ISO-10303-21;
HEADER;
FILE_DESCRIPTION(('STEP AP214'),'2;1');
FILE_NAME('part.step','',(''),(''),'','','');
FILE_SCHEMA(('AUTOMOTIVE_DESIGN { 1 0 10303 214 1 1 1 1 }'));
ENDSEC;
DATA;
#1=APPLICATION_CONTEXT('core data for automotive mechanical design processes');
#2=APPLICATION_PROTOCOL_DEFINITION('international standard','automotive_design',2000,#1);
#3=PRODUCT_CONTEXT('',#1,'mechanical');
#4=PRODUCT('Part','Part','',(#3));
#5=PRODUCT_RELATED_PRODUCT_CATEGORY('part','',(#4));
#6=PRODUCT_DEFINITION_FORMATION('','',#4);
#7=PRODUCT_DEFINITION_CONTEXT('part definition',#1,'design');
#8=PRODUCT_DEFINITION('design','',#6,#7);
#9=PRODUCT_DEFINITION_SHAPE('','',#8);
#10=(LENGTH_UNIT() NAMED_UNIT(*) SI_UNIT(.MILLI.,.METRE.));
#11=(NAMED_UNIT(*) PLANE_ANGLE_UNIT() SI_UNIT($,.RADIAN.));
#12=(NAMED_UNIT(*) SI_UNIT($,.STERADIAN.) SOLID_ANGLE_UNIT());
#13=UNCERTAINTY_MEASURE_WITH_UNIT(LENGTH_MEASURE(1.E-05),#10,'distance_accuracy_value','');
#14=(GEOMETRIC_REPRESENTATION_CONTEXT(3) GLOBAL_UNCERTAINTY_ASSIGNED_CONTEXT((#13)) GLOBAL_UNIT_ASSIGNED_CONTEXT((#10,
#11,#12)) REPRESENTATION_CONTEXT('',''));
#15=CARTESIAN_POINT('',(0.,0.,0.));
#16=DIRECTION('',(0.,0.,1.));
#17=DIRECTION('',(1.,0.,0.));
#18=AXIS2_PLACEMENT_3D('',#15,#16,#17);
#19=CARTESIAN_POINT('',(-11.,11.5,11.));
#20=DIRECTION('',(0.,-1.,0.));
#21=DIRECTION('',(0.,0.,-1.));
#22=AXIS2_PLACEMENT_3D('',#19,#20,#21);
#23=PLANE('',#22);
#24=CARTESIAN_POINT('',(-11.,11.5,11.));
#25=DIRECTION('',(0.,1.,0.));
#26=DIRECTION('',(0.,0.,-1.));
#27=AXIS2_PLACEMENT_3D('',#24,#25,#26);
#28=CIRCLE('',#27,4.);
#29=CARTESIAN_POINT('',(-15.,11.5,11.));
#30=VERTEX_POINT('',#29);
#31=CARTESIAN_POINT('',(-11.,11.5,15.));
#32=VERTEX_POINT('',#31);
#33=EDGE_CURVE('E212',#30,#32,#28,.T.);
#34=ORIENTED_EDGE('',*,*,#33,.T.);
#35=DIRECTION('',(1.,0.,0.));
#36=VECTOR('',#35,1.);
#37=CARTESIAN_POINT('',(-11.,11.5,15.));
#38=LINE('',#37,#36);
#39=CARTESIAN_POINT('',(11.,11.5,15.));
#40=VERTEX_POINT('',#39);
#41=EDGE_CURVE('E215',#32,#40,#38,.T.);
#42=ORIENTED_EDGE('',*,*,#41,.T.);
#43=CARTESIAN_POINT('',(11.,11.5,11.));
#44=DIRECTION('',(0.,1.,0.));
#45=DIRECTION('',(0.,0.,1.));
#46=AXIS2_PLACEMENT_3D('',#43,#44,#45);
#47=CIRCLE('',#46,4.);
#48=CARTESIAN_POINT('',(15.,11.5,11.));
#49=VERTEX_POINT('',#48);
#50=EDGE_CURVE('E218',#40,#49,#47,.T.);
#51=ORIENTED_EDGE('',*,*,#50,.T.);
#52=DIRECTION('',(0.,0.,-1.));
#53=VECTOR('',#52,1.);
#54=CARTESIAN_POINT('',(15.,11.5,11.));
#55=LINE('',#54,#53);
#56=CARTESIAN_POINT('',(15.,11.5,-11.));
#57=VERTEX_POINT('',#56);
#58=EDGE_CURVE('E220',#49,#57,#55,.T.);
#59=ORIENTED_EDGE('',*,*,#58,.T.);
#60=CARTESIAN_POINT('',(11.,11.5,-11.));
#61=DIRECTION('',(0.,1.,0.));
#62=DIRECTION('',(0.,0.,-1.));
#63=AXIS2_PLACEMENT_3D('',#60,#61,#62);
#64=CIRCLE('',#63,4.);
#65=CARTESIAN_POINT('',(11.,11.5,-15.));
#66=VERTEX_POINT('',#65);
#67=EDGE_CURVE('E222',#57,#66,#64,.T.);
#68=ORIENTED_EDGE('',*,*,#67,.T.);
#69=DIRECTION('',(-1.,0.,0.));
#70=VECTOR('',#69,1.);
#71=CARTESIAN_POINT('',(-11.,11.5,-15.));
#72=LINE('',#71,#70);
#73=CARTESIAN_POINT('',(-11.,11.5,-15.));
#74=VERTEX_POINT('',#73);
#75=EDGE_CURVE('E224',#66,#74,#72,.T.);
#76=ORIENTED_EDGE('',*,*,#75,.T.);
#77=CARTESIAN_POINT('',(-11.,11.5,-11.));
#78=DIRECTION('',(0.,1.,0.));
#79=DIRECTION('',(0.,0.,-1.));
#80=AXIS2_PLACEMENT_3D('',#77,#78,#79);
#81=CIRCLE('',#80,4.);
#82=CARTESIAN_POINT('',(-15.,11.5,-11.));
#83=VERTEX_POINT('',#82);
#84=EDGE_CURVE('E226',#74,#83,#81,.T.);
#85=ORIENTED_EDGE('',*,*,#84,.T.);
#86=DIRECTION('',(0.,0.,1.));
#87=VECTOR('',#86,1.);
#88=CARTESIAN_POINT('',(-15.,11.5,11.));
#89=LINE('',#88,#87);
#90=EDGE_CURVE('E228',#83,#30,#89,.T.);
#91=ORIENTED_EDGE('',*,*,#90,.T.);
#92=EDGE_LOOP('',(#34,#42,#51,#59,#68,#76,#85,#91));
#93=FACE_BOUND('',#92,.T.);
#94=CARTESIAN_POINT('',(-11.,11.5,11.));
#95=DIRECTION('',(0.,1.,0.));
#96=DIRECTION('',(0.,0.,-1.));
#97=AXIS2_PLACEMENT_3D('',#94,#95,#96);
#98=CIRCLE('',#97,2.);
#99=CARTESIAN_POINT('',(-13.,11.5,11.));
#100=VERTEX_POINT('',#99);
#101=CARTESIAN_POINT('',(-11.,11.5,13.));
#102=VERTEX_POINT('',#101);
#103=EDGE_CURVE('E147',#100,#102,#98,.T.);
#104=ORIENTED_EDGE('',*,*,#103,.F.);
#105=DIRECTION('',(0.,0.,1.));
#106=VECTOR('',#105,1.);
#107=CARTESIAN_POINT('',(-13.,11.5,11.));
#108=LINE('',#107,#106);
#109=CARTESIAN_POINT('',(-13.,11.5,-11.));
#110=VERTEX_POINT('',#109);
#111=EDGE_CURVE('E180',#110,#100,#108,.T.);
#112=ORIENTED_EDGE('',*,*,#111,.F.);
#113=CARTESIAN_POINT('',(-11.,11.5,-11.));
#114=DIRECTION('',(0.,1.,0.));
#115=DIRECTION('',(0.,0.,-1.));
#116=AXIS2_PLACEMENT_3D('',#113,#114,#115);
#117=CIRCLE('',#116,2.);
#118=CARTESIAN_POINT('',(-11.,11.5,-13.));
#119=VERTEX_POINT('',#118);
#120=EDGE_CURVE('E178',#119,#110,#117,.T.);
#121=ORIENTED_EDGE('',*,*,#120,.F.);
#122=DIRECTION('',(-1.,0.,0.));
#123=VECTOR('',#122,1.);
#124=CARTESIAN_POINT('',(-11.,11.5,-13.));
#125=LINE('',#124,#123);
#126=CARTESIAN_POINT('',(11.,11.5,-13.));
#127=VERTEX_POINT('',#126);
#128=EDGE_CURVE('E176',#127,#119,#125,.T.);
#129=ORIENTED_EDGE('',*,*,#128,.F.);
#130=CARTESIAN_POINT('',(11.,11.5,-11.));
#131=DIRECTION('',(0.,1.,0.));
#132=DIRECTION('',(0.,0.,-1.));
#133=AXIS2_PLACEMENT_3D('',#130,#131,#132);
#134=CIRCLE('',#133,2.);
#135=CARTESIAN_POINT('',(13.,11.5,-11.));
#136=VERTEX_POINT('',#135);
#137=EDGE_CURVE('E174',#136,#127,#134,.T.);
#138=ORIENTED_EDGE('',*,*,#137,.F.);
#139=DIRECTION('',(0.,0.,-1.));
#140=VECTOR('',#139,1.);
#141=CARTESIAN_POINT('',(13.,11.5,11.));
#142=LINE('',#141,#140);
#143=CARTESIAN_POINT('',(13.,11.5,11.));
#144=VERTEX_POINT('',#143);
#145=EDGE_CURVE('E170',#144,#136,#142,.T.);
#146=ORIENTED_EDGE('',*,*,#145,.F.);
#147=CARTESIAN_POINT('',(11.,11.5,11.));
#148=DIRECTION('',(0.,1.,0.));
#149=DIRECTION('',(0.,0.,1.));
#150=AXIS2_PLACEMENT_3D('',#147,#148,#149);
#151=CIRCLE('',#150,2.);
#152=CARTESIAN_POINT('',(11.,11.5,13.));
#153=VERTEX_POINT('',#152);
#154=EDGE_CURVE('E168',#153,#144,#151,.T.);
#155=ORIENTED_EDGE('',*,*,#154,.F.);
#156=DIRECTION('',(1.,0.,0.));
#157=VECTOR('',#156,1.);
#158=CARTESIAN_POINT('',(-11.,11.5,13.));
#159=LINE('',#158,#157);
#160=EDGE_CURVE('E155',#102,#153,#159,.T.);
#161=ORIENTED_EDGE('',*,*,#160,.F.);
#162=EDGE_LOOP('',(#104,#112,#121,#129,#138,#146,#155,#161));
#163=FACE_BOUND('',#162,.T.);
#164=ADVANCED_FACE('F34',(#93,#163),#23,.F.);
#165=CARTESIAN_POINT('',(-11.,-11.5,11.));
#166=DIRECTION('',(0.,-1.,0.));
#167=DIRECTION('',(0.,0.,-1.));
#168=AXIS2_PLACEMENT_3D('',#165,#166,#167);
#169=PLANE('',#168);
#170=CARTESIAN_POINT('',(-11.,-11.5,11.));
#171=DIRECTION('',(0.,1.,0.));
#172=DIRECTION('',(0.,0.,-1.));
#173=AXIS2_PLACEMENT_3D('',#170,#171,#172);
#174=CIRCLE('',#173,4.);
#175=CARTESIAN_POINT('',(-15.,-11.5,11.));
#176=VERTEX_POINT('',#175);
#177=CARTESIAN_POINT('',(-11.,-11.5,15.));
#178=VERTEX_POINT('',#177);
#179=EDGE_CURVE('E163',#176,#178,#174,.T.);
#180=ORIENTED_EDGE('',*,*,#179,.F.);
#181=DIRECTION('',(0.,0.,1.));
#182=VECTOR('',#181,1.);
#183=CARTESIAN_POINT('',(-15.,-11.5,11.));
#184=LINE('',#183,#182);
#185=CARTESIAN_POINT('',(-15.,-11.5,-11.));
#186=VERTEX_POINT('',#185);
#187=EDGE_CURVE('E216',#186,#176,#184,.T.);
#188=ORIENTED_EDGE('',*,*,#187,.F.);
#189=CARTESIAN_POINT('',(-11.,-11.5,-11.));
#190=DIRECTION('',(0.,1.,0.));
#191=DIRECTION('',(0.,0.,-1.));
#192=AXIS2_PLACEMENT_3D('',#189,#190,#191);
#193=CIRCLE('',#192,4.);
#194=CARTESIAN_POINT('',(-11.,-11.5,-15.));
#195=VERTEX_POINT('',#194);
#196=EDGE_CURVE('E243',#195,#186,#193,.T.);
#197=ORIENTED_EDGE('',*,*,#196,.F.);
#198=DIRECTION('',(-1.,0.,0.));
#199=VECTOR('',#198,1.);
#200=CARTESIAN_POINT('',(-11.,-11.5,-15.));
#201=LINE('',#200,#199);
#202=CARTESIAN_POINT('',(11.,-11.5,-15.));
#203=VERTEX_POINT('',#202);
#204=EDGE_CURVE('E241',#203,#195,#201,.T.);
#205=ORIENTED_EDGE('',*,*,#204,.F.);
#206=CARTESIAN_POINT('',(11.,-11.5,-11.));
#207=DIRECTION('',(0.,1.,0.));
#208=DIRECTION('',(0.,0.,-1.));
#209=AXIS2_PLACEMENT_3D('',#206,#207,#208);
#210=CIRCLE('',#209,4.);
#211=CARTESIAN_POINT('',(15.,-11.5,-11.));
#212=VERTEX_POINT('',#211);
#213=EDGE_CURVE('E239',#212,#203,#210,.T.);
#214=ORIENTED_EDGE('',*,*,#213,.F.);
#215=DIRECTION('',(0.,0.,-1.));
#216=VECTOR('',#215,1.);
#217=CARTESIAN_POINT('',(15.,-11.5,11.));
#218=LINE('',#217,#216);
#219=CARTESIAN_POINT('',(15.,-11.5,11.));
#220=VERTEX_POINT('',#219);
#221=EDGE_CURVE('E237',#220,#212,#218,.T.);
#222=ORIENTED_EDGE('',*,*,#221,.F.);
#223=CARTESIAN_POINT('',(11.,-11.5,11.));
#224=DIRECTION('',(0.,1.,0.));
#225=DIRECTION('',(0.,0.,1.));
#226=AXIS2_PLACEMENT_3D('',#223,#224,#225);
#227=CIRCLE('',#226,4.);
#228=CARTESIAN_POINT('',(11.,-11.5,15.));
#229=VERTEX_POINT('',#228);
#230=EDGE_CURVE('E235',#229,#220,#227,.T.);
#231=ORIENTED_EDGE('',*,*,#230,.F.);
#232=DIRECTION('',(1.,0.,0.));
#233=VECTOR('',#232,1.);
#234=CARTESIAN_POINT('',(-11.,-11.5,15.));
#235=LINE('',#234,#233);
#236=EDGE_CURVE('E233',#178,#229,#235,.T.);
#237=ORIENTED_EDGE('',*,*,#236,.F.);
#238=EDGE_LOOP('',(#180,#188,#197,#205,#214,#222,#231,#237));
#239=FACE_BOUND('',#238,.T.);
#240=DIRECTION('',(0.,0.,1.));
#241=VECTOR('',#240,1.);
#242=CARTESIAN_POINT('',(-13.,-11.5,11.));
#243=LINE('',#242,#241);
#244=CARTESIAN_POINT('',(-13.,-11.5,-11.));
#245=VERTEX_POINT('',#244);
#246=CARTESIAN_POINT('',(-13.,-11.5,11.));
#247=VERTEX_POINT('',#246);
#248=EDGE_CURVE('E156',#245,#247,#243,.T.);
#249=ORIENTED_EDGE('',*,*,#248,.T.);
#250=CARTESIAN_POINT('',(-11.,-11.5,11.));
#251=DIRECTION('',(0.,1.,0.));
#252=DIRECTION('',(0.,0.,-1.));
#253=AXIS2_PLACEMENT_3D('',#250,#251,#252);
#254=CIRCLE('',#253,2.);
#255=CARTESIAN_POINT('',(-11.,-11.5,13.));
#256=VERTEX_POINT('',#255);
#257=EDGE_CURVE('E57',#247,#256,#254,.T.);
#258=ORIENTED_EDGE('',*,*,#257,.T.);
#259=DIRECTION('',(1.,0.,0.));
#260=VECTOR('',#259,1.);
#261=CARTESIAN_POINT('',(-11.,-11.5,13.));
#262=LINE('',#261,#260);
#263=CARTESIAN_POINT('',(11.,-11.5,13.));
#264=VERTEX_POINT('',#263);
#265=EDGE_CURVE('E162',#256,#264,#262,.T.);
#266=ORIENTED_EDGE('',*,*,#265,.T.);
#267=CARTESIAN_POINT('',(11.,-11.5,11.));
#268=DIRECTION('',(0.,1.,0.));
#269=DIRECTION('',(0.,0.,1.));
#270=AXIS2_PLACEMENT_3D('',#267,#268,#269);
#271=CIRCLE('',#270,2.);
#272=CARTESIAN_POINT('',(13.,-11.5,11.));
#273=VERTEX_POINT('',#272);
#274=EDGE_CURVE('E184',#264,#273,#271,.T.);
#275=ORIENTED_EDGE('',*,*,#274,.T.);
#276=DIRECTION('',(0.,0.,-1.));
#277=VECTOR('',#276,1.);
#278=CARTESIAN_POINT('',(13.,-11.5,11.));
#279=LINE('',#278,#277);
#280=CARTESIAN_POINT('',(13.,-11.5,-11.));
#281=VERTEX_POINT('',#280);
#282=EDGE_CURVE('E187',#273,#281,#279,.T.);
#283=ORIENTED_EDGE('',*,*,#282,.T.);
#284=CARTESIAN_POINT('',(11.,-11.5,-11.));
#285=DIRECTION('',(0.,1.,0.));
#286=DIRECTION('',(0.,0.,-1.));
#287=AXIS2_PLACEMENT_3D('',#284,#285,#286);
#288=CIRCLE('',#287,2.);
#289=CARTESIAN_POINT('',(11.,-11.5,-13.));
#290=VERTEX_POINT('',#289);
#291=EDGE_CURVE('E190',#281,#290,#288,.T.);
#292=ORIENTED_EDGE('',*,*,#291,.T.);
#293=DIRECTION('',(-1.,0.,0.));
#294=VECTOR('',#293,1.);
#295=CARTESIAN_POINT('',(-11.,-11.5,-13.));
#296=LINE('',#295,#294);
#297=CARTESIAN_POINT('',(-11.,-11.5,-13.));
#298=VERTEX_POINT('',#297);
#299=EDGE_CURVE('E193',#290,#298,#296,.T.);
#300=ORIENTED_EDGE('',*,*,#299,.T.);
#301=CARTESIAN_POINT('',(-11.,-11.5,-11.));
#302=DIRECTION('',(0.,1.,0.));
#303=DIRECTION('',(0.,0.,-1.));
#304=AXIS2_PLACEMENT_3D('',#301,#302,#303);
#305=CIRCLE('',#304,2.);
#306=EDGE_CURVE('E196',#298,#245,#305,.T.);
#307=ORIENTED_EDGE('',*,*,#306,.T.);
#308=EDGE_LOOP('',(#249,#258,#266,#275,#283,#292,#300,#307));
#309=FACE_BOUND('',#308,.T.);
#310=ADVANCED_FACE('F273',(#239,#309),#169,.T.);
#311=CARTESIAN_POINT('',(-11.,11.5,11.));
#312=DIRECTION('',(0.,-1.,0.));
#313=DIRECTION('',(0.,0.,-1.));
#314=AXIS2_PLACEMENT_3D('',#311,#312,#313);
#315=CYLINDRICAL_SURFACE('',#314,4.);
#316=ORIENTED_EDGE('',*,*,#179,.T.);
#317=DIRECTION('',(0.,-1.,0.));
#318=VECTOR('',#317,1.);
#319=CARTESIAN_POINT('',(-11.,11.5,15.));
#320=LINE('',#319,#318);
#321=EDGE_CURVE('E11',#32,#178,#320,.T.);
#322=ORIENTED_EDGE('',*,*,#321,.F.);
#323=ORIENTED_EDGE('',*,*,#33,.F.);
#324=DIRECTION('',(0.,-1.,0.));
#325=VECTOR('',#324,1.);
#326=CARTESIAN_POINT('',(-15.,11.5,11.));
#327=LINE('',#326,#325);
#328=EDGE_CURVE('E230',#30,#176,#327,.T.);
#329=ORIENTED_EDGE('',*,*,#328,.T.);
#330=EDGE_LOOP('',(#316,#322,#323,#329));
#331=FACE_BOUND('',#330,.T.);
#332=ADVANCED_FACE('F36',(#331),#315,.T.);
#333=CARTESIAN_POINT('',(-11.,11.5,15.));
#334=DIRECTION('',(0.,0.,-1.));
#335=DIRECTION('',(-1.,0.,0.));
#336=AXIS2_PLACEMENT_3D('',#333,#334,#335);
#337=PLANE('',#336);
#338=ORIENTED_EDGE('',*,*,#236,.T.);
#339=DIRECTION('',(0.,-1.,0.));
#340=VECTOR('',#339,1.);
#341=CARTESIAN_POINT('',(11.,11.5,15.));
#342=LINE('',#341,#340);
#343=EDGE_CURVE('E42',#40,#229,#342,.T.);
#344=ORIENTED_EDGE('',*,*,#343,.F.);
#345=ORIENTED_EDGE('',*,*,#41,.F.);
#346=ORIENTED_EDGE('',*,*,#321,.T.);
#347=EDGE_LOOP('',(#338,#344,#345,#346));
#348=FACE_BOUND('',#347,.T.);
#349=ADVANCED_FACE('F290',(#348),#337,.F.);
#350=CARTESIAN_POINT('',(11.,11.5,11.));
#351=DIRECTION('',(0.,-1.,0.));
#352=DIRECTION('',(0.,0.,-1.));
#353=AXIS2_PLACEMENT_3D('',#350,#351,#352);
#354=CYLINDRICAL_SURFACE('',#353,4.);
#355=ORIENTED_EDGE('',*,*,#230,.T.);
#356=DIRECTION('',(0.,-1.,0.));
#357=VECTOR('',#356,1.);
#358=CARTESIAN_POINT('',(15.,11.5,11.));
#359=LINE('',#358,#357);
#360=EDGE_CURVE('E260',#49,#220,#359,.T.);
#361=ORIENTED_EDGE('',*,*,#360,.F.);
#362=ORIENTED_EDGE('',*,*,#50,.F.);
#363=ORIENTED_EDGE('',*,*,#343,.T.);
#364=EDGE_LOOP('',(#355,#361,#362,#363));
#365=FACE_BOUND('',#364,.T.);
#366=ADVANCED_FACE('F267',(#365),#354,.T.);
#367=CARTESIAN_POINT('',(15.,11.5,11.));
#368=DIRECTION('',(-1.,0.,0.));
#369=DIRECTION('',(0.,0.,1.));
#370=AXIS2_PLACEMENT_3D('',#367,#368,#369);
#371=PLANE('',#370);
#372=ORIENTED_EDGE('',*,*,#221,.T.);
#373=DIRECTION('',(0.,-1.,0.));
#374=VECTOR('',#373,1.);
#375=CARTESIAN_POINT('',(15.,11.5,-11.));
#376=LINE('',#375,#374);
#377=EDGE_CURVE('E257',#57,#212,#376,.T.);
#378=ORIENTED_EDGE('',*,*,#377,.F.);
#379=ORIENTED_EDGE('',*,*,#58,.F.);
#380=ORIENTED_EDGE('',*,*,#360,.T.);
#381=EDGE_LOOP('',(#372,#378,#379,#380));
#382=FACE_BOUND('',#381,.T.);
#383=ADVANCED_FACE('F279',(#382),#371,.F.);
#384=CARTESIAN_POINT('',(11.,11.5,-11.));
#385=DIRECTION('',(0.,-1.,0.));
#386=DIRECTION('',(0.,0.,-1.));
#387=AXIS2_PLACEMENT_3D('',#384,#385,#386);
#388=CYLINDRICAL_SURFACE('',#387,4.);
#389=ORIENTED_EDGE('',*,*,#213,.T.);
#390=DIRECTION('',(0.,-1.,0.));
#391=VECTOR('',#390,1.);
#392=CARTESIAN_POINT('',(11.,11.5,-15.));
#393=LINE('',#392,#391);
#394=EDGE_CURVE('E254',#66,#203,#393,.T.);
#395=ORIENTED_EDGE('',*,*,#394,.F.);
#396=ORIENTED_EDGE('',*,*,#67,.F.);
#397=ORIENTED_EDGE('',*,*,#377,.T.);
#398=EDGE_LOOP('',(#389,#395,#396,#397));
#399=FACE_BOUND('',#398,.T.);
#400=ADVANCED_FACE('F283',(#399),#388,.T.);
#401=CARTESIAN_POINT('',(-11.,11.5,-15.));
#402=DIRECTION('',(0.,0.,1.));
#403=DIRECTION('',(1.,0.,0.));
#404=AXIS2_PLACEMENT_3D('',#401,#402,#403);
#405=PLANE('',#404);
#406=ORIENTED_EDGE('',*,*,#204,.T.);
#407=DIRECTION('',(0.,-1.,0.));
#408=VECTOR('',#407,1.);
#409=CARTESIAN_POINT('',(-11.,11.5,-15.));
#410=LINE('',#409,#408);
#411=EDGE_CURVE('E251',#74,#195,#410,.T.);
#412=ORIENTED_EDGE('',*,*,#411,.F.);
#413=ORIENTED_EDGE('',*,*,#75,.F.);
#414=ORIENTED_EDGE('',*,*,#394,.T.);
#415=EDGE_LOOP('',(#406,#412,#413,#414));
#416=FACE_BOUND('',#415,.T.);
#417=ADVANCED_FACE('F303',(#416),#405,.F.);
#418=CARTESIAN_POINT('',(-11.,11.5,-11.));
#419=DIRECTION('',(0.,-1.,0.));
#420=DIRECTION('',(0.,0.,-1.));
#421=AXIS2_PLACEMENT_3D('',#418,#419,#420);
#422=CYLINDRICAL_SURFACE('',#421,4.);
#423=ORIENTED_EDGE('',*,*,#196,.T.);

→ **PROBLEM REQUIREMENTS**
Begin with the line above that has "#25=DIRECTION('',(0.,1.,0.));" and continue through the line that has "#95=DIRECTION('',(0.,1.,0.));", setting each one down exactly. Stop there.

→ **ANSWER SECTION**
#25=DIRECTION('',(0.,1.,0.));
#26=DIRECTION('',(0.,0.,-1.));
#27=AXIS2_PLACEMENT_3D('',#24,#25,#26);
#28=CIRCLE('',#27,4.);
#29=CARTESIAN_POINT('',(-15.,11.5,11.));
#30=VERTEX_POINT('',#29);
#31=CARTESIAN_POINT('',(-11.,11.5,15.));
#32=VERTEX_POINT('',#31);
#33=EDGE_CURVE('E212',#30,#32,#28,.T.);
#34=ORIENTED_EDGE('',*,*,#33,.T.);
#35=DIRECTION('',(1.,0.,0.));
#36=VECTOR('',#35,1.);
#37=CARTESIAN_POINT('',(-11.,11.5,15.));
#38=LINE('',#37,#36);
#39=CARTESIAN_POINT('',(11.,11.5,15.));
#40=VERTEX_POINT('',#39);
#41=EDGE_CURVE('E215',#32,#40,#38,.T.);
#42=ORIENTED_EDGE('',*,*,#41,.T.);
#43=CARTESIAN_POINT('',(11.,11.5,11.));
#44=DIRECTION('',(0.,1.,0.));
#45=DIRECTION('',(0.,0.,1.));
#46=AXIS2_PLACEMENT_3D('',#43,#44,#45);
#47=CIRCLE('',#46,4.);
#48=CARTESIAN_POINT('',(15.,11.5,11.));
#49=VERTEX_POINT('',#48);
#50=EDGE_CURVE('E218',#40,#49,#47,.T.);
#51=ORIENTED_EDGE('',*,*,#50,.T.);
#52=DIRECTION('',(0.,0.,-1.));
#53=VECTOR('',#52,1.);
#54=CARTESIAN_POINT('',(15.,11.5,11.));
#55=LINE('',#54,#53);
#56=CARTESIAN_POINT('',(15.,11.5,-11.));
#57=VERTEX_POINT('',#56);
#58=EDGE_CURVE('E220',#49,#57,#55,.T.);
#59=ORIENTED_EDGE('',*,*,#58,.T.);
#60=CARTESIAN_POINT('',(11.,11.5,-11.));
#61=DIRECTION('',(0.,1.,0.));
#62=DIRECTION('',(0.,0.,-1.));
#63=AXIS2_PLACEMENT_3D('',#60,#61,#62);
#64=CIRCLE('',#63,4.);
#65=CARTESIAN_POINT('',(11.,11.5,-15.));
#66=VERTEX_POINT('',#65);
#67=EDGE_CURVE('E222',#57,#66,#64,.T.);
#68=ORIENTED_EDGE('',*,*,#67,.T.);
#69=DIRECTION('',(-1.,0.,0.));
#70=VECTOR('',#69,1.);
#71=CARTESIAN_POINT('',(-11.,11.5,-15.));
#72=LINE('',#71,#70);
#73=CARTESIAN_POINT('',(-11.,11.5,-15.));
#74=VERTEX_POINT('',#73);
#75=EDGE_CURVE('E224',#66,#74,#72,.T.);
#76=ORIENTED_EDGE('',*,*,#75,.T.);
#77=CARTESIAN_POINT('',(-11.,11.5,-11.));
#78=DIRECTION('',(0.,1.,0.));
#79=DIRECTION('',(0.,0.,-1.));
#80=AXIS2_PLACEMENT_3D('',#77,#78,#79);
#81=CIRCLE('',#80,4.);
#82=CARTESIAN_POINT('',(-15.,11.5,-11.));
#83=VERTEX_POINT('',#82);
#84=EDGE_CURVE('E226',#74,#83,#81,.T.);
#85=ORIENTED_EDGE('',*,*,#84,.T.);
#86=DIRECTION('',(0.,0.,1.));
#87=VECTOR('',#86,1.);
#88=CARTESIAN_POINT('',(-15.,11.5,11.));
#89=LINE('',#88,#87);
#90=EDGE_CURVE('E228',#83,#30,#89,.T.);
#91=ORIENTED_EDGE('',*,*,#90,.T.);
#92=EDGE_LOOP('',(#34,#42,#51,#59,#68,#76,#85,#91));
#93=FACE_BOUND('',#92,.T.);
#94=CARTESIAN_POINT('',(-11.,11.5,11.));
#95=DIRECTION('',(0.,1.,0.));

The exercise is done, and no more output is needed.